→ **What you need to do**:
Take the data below and extract the lines from the one with "R00 = 0.008" to the one with "R0_mat = [.0117, .0085, .009;", inclusive, exactly as written.

*** Opening Dataset records ***

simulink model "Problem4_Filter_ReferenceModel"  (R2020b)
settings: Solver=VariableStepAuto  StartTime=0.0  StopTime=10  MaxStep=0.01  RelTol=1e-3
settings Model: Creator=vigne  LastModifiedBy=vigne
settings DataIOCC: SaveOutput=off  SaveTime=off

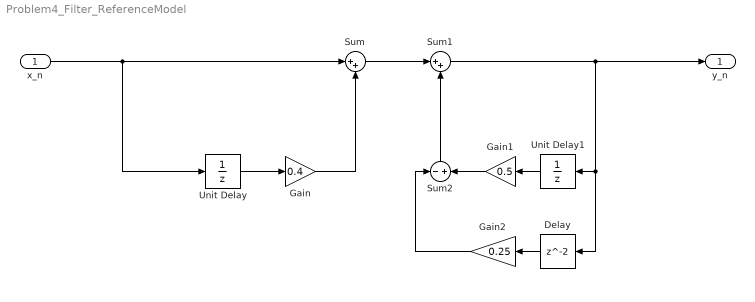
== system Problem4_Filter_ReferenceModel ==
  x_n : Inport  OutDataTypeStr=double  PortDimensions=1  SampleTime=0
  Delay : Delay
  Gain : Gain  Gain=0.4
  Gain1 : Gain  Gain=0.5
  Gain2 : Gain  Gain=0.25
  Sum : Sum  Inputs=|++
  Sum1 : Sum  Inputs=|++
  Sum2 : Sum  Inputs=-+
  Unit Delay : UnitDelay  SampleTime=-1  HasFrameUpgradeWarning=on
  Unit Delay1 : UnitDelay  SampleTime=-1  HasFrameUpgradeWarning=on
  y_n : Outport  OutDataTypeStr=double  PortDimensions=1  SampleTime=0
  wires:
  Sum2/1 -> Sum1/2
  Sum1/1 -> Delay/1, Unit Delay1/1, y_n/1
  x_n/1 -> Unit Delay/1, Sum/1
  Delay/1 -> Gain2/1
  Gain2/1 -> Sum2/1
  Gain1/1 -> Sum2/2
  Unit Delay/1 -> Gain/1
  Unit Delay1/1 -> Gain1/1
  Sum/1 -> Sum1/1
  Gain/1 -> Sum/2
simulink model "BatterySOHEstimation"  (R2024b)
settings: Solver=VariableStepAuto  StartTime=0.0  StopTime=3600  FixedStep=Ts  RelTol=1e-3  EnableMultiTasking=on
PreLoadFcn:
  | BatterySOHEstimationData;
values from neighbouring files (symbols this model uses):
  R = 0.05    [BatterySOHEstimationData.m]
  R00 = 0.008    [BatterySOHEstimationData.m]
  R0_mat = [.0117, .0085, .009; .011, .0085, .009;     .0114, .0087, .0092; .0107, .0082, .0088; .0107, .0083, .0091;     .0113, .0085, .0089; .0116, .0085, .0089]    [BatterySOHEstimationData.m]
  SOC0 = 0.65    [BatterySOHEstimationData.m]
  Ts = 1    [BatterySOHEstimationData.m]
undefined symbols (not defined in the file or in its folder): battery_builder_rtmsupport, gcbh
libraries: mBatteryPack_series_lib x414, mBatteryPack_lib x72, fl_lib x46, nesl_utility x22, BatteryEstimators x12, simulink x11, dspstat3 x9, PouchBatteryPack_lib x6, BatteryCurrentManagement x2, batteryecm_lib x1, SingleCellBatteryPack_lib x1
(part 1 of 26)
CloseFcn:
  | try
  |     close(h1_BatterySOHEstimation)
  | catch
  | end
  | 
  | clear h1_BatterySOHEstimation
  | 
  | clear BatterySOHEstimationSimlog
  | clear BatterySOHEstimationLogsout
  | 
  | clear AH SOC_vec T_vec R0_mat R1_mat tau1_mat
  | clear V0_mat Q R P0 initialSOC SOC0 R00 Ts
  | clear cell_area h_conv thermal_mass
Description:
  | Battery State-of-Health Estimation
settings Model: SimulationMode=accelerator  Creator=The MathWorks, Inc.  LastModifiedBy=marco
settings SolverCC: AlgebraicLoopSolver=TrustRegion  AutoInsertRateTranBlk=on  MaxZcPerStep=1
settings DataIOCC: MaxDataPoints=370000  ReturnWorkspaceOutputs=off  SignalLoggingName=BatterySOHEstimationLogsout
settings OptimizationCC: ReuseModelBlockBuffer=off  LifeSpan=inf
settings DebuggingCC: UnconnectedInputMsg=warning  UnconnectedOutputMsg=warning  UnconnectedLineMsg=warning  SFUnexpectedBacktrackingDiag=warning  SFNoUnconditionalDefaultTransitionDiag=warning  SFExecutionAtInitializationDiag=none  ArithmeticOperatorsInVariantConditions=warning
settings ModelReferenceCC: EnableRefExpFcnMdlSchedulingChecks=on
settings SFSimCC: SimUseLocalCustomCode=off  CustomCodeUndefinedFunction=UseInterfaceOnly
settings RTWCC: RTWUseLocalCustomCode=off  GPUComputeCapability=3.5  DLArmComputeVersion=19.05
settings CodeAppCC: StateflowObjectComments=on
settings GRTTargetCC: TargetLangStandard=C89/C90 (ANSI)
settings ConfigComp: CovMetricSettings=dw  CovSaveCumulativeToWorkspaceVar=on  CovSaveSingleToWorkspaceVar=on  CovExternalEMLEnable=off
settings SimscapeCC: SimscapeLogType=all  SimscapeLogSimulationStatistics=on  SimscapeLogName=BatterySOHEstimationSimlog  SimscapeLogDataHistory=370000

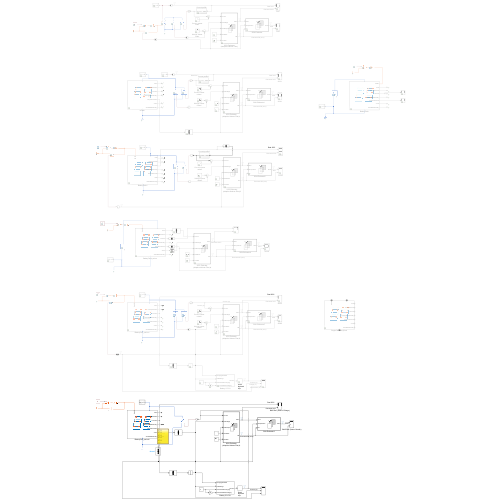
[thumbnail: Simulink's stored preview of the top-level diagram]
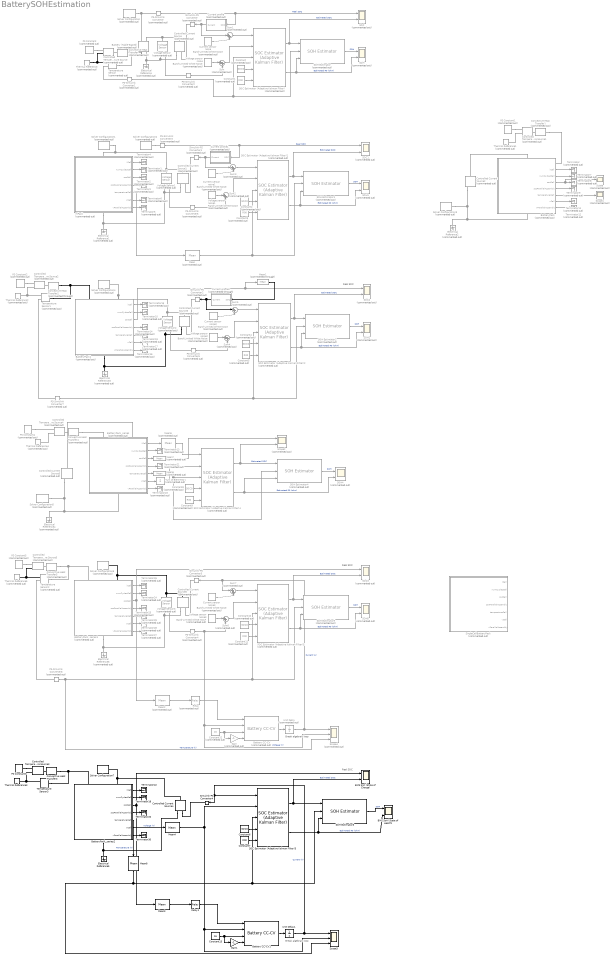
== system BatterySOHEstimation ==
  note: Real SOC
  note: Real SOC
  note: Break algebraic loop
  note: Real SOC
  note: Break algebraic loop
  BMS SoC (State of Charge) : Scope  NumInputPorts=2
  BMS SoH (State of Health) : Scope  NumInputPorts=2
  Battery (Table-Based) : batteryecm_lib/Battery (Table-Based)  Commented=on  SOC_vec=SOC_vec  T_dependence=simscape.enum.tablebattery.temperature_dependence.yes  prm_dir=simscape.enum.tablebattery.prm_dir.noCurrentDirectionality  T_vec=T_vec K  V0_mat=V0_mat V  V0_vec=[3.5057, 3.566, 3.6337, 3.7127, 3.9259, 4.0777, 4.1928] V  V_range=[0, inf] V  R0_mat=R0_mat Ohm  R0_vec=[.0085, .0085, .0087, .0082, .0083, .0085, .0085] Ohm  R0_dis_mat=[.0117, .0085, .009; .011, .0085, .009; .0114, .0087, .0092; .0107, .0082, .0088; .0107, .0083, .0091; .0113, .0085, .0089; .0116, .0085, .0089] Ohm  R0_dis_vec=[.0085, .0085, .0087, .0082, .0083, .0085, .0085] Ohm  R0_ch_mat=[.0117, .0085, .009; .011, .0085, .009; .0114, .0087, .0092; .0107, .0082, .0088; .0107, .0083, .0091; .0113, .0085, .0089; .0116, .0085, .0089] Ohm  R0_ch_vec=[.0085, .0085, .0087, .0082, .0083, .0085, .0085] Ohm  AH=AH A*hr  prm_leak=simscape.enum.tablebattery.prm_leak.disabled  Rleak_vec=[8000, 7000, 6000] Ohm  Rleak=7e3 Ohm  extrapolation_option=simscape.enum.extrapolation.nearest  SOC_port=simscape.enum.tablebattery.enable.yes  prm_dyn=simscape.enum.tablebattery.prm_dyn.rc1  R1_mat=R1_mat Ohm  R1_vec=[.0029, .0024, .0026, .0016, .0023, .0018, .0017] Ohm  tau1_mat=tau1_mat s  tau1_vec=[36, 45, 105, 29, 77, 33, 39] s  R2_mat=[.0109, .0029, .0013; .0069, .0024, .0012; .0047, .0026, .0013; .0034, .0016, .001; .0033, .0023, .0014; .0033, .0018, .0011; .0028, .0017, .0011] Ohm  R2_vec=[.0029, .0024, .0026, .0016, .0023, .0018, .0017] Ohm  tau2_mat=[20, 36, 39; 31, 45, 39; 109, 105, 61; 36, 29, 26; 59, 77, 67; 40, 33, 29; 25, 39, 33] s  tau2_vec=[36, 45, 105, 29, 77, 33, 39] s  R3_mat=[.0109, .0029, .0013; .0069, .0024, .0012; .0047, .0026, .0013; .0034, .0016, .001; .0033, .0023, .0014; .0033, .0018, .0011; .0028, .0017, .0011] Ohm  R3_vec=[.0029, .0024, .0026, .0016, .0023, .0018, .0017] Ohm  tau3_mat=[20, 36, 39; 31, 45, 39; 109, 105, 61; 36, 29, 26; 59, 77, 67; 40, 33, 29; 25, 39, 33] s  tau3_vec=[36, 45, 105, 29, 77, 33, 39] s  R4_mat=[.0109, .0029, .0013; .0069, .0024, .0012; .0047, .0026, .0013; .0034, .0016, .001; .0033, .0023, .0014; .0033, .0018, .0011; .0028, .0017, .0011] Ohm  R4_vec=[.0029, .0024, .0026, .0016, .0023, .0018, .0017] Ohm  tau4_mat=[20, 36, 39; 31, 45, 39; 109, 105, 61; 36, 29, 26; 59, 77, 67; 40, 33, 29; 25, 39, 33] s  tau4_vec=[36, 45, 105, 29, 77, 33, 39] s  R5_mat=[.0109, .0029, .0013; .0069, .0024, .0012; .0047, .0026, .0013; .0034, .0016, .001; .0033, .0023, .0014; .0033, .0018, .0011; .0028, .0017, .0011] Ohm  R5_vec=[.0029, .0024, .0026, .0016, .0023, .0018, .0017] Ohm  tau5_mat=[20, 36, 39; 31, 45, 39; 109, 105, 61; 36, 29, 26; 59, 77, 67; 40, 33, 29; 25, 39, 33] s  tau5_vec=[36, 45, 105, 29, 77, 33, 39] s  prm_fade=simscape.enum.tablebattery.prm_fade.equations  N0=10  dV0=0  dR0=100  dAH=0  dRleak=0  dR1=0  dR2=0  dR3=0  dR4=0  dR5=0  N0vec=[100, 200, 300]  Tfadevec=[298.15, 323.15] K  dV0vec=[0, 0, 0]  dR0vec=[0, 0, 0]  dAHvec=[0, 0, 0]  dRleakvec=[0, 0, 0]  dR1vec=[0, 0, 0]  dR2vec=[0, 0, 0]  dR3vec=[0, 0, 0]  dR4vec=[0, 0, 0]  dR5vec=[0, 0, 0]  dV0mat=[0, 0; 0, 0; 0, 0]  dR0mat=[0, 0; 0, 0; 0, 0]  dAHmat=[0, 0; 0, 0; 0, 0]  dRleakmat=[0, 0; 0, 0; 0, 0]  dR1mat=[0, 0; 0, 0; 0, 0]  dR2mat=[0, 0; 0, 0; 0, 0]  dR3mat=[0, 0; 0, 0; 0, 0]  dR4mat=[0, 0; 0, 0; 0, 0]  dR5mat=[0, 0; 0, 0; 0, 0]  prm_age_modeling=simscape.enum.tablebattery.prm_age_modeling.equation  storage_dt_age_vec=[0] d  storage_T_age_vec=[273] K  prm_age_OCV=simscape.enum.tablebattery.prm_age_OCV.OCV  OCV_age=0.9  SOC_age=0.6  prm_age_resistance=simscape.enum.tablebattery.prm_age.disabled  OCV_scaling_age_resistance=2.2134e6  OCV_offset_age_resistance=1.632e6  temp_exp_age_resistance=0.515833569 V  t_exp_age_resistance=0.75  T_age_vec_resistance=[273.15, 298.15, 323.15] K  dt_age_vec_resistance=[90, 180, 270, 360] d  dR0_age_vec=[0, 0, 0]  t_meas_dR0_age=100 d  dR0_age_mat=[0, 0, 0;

*** Closing Dataset records ***

→ **Answer to the problem**:
  R00 = 0.008    [BatterySOHEstimationData.m]
  R0_mat = [.0117, .0085, .009; .011, .0085, .009;     .0114, .0087, .0092; .0107, .0082, .0088; .0107, .0083, .0091;     .0113, .0085, .0089; .0116, .0085, .0089]    [BatterySOHEstimationData.m]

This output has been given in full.